[[ Given records, beginning ]]

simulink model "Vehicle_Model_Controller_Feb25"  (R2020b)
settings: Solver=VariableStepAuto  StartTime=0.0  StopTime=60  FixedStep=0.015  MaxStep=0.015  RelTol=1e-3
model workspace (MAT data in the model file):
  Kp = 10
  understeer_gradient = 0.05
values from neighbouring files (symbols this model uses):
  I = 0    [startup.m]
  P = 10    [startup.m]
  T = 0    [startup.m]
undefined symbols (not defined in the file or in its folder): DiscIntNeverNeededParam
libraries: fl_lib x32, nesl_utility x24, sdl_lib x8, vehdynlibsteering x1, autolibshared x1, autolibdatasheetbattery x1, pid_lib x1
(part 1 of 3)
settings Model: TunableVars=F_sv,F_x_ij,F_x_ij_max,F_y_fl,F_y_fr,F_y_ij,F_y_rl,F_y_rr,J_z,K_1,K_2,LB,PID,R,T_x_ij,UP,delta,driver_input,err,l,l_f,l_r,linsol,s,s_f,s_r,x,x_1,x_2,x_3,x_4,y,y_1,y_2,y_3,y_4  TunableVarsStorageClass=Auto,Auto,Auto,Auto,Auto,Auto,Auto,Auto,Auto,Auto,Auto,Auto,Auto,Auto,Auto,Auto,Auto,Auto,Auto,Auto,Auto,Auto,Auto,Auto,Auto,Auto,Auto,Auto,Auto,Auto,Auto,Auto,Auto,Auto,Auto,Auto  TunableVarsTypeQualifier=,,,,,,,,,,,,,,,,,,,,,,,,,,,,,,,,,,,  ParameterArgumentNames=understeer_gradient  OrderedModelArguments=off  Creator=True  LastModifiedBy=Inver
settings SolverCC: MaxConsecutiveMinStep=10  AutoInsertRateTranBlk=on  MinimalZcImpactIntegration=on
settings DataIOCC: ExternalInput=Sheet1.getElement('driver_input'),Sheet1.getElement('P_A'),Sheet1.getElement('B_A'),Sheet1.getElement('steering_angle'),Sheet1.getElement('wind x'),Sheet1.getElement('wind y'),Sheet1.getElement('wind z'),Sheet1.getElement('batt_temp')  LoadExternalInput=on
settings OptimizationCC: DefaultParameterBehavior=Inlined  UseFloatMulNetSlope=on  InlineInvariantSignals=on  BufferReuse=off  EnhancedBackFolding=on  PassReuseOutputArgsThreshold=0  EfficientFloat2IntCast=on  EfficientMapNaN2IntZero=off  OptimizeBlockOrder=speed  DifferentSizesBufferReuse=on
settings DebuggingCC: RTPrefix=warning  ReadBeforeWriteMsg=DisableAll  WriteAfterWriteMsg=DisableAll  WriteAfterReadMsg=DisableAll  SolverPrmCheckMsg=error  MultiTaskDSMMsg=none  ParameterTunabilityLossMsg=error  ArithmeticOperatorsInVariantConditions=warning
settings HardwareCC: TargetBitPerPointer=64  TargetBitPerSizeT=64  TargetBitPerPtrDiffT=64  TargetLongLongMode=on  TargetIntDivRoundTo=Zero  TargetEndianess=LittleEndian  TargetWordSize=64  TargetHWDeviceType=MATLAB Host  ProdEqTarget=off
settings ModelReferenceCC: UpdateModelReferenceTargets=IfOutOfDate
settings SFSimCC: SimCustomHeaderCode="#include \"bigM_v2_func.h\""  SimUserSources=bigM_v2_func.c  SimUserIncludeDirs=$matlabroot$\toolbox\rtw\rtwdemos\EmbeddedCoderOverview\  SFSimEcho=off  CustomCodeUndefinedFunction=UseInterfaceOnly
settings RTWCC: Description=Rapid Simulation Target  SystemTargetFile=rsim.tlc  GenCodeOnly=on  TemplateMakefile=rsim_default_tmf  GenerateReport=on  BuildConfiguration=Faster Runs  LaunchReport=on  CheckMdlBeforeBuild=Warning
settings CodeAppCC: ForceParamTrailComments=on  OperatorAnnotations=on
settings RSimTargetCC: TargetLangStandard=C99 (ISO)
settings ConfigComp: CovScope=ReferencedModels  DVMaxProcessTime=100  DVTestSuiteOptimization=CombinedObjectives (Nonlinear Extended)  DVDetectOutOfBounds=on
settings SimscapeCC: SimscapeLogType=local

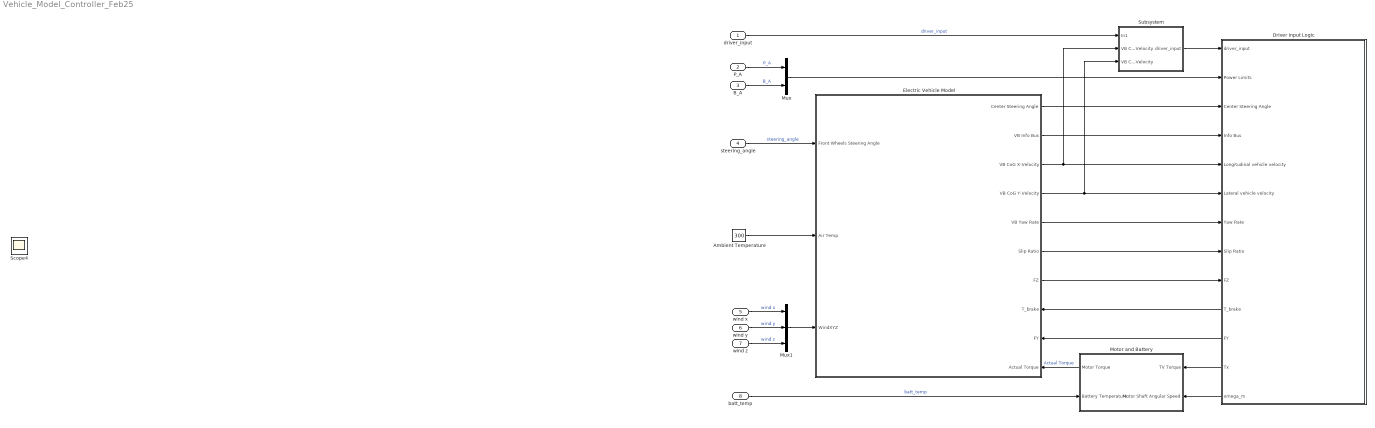
== system Vehicle_Model_Controller_Feb25 ==
  driver_input : Inport  Interpolate=off
  P_A : Inport  Port=2  Interpolate=off
  B_A : Inport  Port=3  Interpolate=off
  steering_angle : Inport  Port=4  Interpolate=off
  wind x : Inport  Port=5  Interpolate=off
  wind y : Inport  Port=6  Interpolate=off
  wind z : Inport  Port=7  Interpolate=off
  batt_temp : Inport  Port=8  Interpolate=off
  Ambient Temperature : Constant  Value=300
  Driver Input Logic : Subsystem
      settings: PortSchema="{\"entries\":[{\"content\":{\"sides\":[{\"content\":{\"connectorIds\":[\"In1\",\"In2\",\"In3\",\"In4\",\"In5\",\"In6\",\"In7\",\"In8\",\"In9\",\"Out1\",\"Out2\",\"Out3\",\"Out4\"]},\"type\":\"ConnectorPlacement.EquallySpacedRectSide\",\"uuid\":\"60aa76ce-4868-40a7-a4fe-105a8e1f1745\"},{\"content\":{\"connectorIds\":[],\"side\":\"RIGHT\"},\"type\":\"ConnectorPlacement.EquallySpacedRectSide\",\"uuid\":\"32a33737-884d-4b24-9f96-3d3edd17fbca\"},{\"content\":{\"connectorIds\":[],\"side\":\"TOP\"},\"type\":\"ConnectorPlacement.EquallySpacedRectSide\",\"uuid\":\"827704d2-5b88-4535-b448-6dd72aa29b4b\"},{\"content\":{\"connectorIds\":[],\"side\":\"BOTTOM\"},\"type\":\"ConnectorPlacement.EquallySpacedRectSide\",\"uuid\":\"278cc67c-48ea-4083-b722-927ef88660f9\"},{\"content\":{\"connectorIds\":[],\"side\":\"HIDDEN\"},\"type\":\"ConnectorPlacement.EquallySpacedRectSide\",\"uuid\":\"0c403b58-0099-4716-b0b3-86e3ff44a502\"}]},\"type\":\"ConnectorPlacement.EquallySpacedConnector\",\"uuid\":\"f0e3ee49-9104-4d68-bbfb-d96c82f46588\"}],\"packageUris\":[\"http://schema.mathworks.com/mf0/Connector/R2020b\"],\"version\":\"1.0\"}"
  Electric Vehicle Model : Subsystem
      settings: PortSchema="{\"entries\":[{\"content\":{\"sides\":[{\"content\":{\"connectorIds\":[\"In1\",\"In2\",\"In3\"]},\"type\":\"ConnectorPlacement.EquallySpacedRectSide\",\"uuid\":\"d948e6fd-2a7c-48d4-af15-7a99a175752d\"},{\"content\":{\"connectorIds\":[\"Out1\",\"Out2\",\"Out3\",\"Out4\",\"Out5\",\"Out6\",\"Out7\",\"In4\",\"In5\",\"In6\"],\"side\":\"RIGHT\"},\"type\":\"ConnectorPlacement.EquallySpacedRectSide\",\"uuid\":\"1a47e5e8-2455-404d-921d-9ae775b78aa8\"},{\"content\":{\"connectorIds\":[],\"side\":\"TOP\"},\"type\":\"ConnectorPlacement.EquallySpacedRectSide\",\"uuid\":\"f91bd10b-9e07-4da1-95e5-01fed64ff2a2\"},{\"content\":{\"connectorIds\":[],\"side\":\"BOTTOM\"},\"type\":\"ConnectorPlacement.EquallySpacedRectSide\",\"uuid\":\"a21defd9-60a5-4926-b7a0-aedbd24b2311\"},{\"content\":{\"connectorIds\":[],\"side\":\"HIDDEN\"},\"type\":\"ConnectorPlacement.EquallySpacedRectSide\",\"uuid\":\"26c45b26-0233-46e7-86a3-2b3d6a7840e5\"}]},\"type\":\"ConnectorPlacement.EquallySpacedConnector\",\"uuid\":\"a0d97086-54ab-4f92-bc82-b1adaed3f48d\"}],\"packageUris\":[\"http://schema.mathworks.com/mf0/Connector/R2020b\"],\"version\":\"1.0\"}"
  Motor and Battery : Subsystem
      settings: PortSchema="{\"entries\":[{\"content\":{\"sides\":[{\"content\":{\"connectorIds\":[\"Out1\",\"In1\"]},\"type\":\"ConnectorPlacement.EquallySpacedRectSide\",\"uuid\":\"0a1f914b-70eb-46fa-9e3d-552685e5145b\"},{\"content\":{\"connectorIds\":[\"In2\",\"In3\"],\"side\":\"RIGHT\"},\"type\":\"ConnectorPlacement.EquallySpacedRectSide\",\"uuid\":\"3f4913ad-53b1-4c2d-9942-63851d66d84d\"},{\"content\":{\"connectorIds\":[],\"side\":\"TOP\"},\"type\":\"ConnectorPlacement.EquallySpacedRectSide\",\"uuid\":\"355326fa-9c02-45e7-a319-d2a0d6b3d4bd\"},{\"content\":{\"connectorIds\":[],\"side\":\"HIDDEN\"},\"type\":\"ConnectorPlacement.EquallySpacedRectSide\",\"uuid\":\"65af7ff0-f0aa-4be0-a188-dc3dcb8956e6\"}]},\"type\":\"ConnectorPlacement.EquallySpacedConnector\",\"uuid\":\"023a46d9-a637-4c8e-84c1-6893dcef87c2\"}],\"packageUris\":[\"http://schema.mathworks.com/mf0/Connector/R2020b\"],\"version\":\"1.0\"}"
  Mux : Mux  Inputs=2
  Mux1 : Mux  Inputs=3
  Subsystem : Subsystem
  Scope4 : Scope
  wires:
  Ambient Temperature/1 -> Electric Vehicle Model/2(Air Temp)
  Electric Vehicle Model/2(VB Info Bus) -> Driver Input Logic/4(Info Bus)
  Electric Vehicle Model/3(VB CoG X-Velocity) -> Subsystem/2(VB CoG X-Velocity), Driver Input Logic/5(Longitudinal vehicle velocity)
  Electric Vehicle Model/4(VB CoG Y-Velocity) -> Subsystem/3(VB CoG Y-Velocity), Driver Input Logic/6(Lateral vehicle velocity)
  Electric Vehicle Model/5(VB Yaw Rate) -> Driver Input Logic/7(Yaw Rate)
  wind x/1 -> Mux1/1  "wind x"
  wind y/1 -> Mux1/2  "wind y"
  wind z/1 -> Mux1/3  "wind z"
  Mux1/1 -> Electric Vehicle Model/3(WindXYZ)
  batt_temp/1 -> Motor and Battery/1(Battery Temperature)  "batt_temp"
  steering_angle/1 -> Electric Vehicle Model/1(Front Wheels Steering Angle)  "steering_angle"
  Electric Vehicle Model/1(Center Steering Angle) -> Driver Input Logic/3(Center Steering Angle)
  Driver Input Logic/4(omega_m) -> Motor and Battery/3(Motor Shaft Angular Speed)
  Driver Input Logic/3(Tx) -> Motor and Battery/2(TV Torque)
  Mux/1 -> Driver Input Logic/2(Power Limits)
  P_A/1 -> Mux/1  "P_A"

[[ Given records, end ]]

Task goal. Reading through the records above, report each line in which the string "Velocity" is found.

Problem solution.
  Electric Vehicle Model/3(VB CoG X-Velocity) -> Subsystem/2(VB CoG X-Velocity), Driver Input Logic/5(Longitudinal vehicle velocity)
  Electric Vehicle Model/4(VB CoG Y-Velocity) -> Subsystem/3(VB CoG Y-Velocity), Driver Input Logic/6(Lateral vehicle velocity)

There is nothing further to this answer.